> _WHAT TO PRODUCE_:
Please copy exactly the lines from the first in the records through the line that contains "edge = h.paths.add_edge_path()", but not the pictures.

==== DATA PROVIDED ====

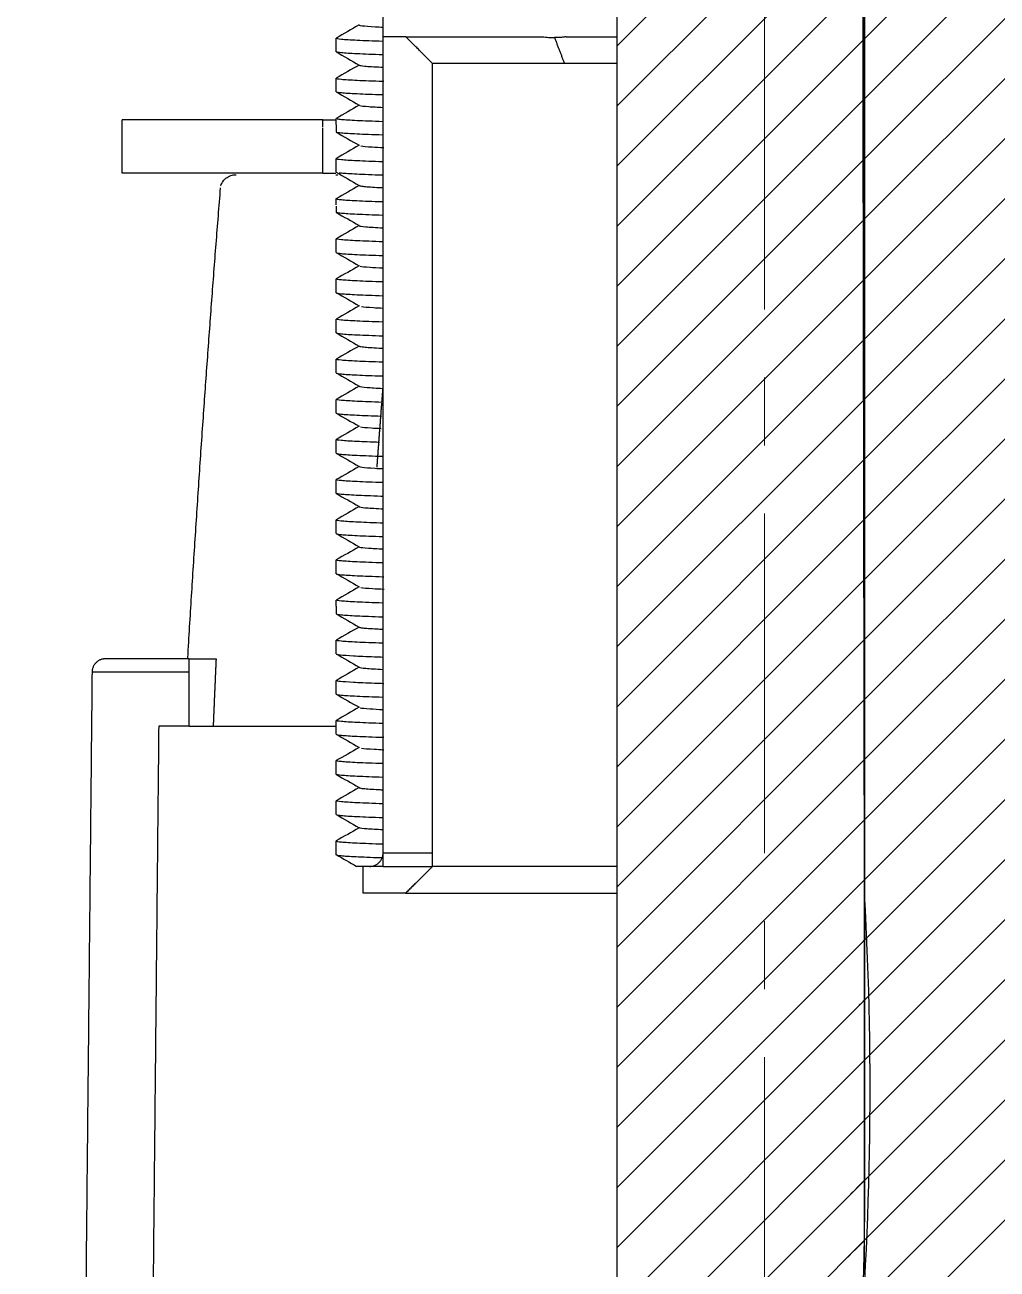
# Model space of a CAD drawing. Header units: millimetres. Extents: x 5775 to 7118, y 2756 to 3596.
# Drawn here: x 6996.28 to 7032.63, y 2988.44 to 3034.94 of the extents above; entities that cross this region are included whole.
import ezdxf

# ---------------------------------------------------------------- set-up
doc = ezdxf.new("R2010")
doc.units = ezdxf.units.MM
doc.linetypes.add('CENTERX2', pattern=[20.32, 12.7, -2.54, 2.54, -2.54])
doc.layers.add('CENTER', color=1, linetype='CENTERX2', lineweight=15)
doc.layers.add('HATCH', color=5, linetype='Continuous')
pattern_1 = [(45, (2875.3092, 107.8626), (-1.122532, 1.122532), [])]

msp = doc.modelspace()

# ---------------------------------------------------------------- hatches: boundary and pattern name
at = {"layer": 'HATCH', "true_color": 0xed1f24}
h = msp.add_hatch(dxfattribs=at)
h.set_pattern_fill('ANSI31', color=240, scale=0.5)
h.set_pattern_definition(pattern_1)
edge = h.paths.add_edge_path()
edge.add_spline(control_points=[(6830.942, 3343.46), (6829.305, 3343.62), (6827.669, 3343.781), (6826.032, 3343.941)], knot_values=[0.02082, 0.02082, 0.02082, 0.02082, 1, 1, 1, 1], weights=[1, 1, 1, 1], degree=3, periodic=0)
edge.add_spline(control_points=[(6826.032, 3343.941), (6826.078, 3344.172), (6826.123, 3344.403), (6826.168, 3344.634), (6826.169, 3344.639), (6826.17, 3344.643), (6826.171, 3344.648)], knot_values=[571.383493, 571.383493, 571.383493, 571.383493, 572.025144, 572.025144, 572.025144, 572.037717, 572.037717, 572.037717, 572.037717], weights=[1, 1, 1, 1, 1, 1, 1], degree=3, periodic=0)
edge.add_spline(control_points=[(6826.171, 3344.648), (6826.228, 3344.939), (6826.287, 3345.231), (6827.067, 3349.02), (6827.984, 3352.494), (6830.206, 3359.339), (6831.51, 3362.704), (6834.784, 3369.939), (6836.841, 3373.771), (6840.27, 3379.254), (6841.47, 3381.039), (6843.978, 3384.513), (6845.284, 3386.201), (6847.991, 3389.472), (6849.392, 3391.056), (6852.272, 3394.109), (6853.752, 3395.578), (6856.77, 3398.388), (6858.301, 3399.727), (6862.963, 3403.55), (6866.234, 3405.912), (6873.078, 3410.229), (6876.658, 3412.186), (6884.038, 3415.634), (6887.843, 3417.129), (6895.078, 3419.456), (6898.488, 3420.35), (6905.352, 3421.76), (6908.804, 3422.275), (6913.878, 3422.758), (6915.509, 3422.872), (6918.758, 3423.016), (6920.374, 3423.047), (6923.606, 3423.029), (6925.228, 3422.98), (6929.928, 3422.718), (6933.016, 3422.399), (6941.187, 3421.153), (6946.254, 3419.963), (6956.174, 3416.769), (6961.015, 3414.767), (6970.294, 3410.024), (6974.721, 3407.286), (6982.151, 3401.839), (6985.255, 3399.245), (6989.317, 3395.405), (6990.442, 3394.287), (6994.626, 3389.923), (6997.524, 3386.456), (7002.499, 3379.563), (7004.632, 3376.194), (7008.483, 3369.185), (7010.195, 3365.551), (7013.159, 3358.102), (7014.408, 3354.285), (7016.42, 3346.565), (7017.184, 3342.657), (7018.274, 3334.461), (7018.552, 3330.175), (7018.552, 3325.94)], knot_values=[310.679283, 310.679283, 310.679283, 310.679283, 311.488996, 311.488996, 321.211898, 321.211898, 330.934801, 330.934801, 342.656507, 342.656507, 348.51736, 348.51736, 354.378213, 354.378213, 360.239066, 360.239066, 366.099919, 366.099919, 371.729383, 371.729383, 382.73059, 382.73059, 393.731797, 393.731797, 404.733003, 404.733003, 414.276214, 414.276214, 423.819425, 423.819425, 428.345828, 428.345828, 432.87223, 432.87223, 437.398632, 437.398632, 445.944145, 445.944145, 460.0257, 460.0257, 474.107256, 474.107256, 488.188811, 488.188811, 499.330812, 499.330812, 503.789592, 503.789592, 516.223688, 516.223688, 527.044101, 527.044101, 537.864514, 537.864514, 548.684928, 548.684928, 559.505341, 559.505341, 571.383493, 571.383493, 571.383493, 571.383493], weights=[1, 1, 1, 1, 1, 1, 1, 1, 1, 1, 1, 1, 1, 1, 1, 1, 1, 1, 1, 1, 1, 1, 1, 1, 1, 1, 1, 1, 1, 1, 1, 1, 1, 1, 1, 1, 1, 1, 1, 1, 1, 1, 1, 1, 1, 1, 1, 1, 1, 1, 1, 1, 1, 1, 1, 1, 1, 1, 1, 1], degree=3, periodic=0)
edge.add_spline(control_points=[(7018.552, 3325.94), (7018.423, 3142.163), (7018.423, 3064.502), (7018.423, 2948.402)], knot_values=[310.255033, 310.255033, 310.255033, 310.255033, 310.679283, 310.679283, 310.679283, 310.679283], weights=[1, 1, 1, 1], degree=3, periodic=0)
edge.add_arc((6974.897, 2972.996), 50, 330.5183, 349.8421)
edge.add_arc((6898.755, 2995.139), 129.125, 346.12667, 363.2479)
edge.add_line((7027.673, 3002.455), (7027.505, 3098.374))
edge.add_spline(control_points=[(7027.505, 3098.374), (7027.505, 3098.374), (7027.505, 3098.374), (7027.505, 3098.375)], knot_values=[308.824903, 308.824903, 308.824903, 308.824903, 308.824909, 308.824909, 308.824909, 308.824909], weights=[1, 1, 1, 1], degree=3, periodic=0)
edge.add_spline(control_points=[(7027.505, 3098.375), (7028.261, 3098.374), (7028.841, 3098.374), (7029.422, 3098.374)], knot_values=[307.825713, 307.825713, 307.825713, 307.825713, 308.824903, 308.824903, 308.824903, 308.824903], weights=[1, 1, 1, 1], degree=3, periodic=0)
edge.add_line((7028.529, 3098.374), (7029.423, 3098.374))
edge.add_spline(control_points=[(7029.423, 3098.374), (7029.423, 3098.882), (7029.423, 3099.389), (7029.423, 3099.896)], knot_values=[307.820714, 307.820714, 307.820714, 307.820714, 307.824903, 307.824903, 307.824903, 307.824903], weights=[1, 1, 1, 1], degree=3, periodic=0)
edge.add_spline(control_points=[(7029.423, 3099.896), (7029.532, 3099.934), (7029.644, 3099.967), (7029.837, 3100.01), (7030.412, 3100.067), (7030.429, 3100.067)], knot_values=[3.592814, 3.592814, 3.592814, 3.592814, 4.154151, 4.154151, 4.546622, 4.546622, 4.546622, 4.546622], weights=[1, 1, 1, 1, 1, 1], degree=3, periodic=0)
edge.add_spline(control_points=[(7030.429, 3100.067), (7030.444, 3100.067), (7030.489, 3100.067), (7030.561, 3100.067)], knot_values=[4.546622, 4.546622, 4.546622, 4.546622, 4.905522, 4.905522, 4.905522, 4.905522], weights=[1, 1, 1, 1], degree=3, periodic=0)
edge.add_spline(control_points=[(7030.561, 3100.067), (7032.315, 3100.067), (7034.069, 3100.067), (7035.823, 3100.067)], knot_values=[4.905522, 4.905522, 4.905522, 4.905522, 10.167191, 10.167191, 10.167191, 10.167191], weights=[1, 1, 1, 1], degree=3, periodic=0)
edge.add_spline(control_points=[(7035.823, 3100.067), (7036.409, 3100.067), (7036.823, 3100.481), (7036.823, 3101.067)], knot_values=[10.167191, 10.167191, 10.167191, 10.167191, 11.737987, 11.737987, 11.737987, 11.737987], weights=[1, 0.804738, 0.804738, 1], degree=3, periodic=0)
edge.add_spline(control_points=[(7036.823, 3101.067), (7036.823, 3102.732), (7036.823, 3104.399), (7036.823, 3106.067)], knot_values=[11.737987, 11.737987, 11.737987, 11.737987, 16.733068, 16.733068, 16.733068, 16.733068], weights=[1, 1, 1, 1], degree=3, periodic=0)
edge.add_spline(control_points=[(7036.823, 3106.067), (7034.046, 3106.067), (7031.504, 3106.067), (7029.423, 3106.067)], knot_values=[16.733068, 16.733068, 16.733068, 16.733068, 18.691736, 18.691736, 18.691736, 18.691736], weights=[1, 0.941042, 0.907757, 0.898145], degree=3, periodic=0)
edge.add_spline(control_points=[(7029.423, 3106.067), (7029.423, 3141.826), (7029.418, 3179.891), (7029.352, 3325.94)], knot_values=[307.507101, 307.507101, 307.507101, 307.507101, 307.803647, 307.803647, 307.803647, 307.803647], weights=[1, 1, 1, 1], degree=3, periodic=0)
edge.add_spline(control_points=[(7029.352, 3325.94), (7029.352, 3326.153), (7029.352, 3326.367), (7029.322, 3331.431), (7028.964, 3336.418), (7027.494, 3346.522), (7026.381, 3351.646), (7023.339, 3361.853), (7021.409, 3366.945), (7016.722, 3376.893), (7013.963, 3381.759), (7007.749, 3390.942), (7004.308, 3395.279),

====

> _ANSWER SECTION_:
# Model space of a CAD drawing. Header units: millimetres. Extents: x 5775 to 7118, y 2756 to 3596.
# Drawn here: x 6996.28 to 7032.63, y 2988.44 to 3034.94 of the extents above; entities that cross this region are included whole.
import ezdxf

# ---------------------------------------------------------------- set-up
doc = ezdxf.new("R2010")
doc.units = ezdxf.units.MM
doc.linetypes.add('CENTERX2', pattern=[20.32, 12.7, -2.54, 2.54, -2.54])
doc.layers.add('CENTER', color=1, linetype='CENTERX2', lineweight=15)
doc.layers.add('HATCH', color=5, linetype='Continuous')
pattern_1 = [(45, (2875.3092, 107.8626), (-1.122532, 1.122532), [])]

msp = doc.modelspace()

# ---------------------------------------------------------------- hatches: boundary and pattern name
at = {"layer": 'HATCH', "true_color": 0xed1f24}
h = msp.add_hatch(dxfattribs=at)
h.set_pattern_fill('ANSI31', color=240, scale=0.5)
h.set_pattern_definition(pattern_1)
edge = h.paths.add_edge_path()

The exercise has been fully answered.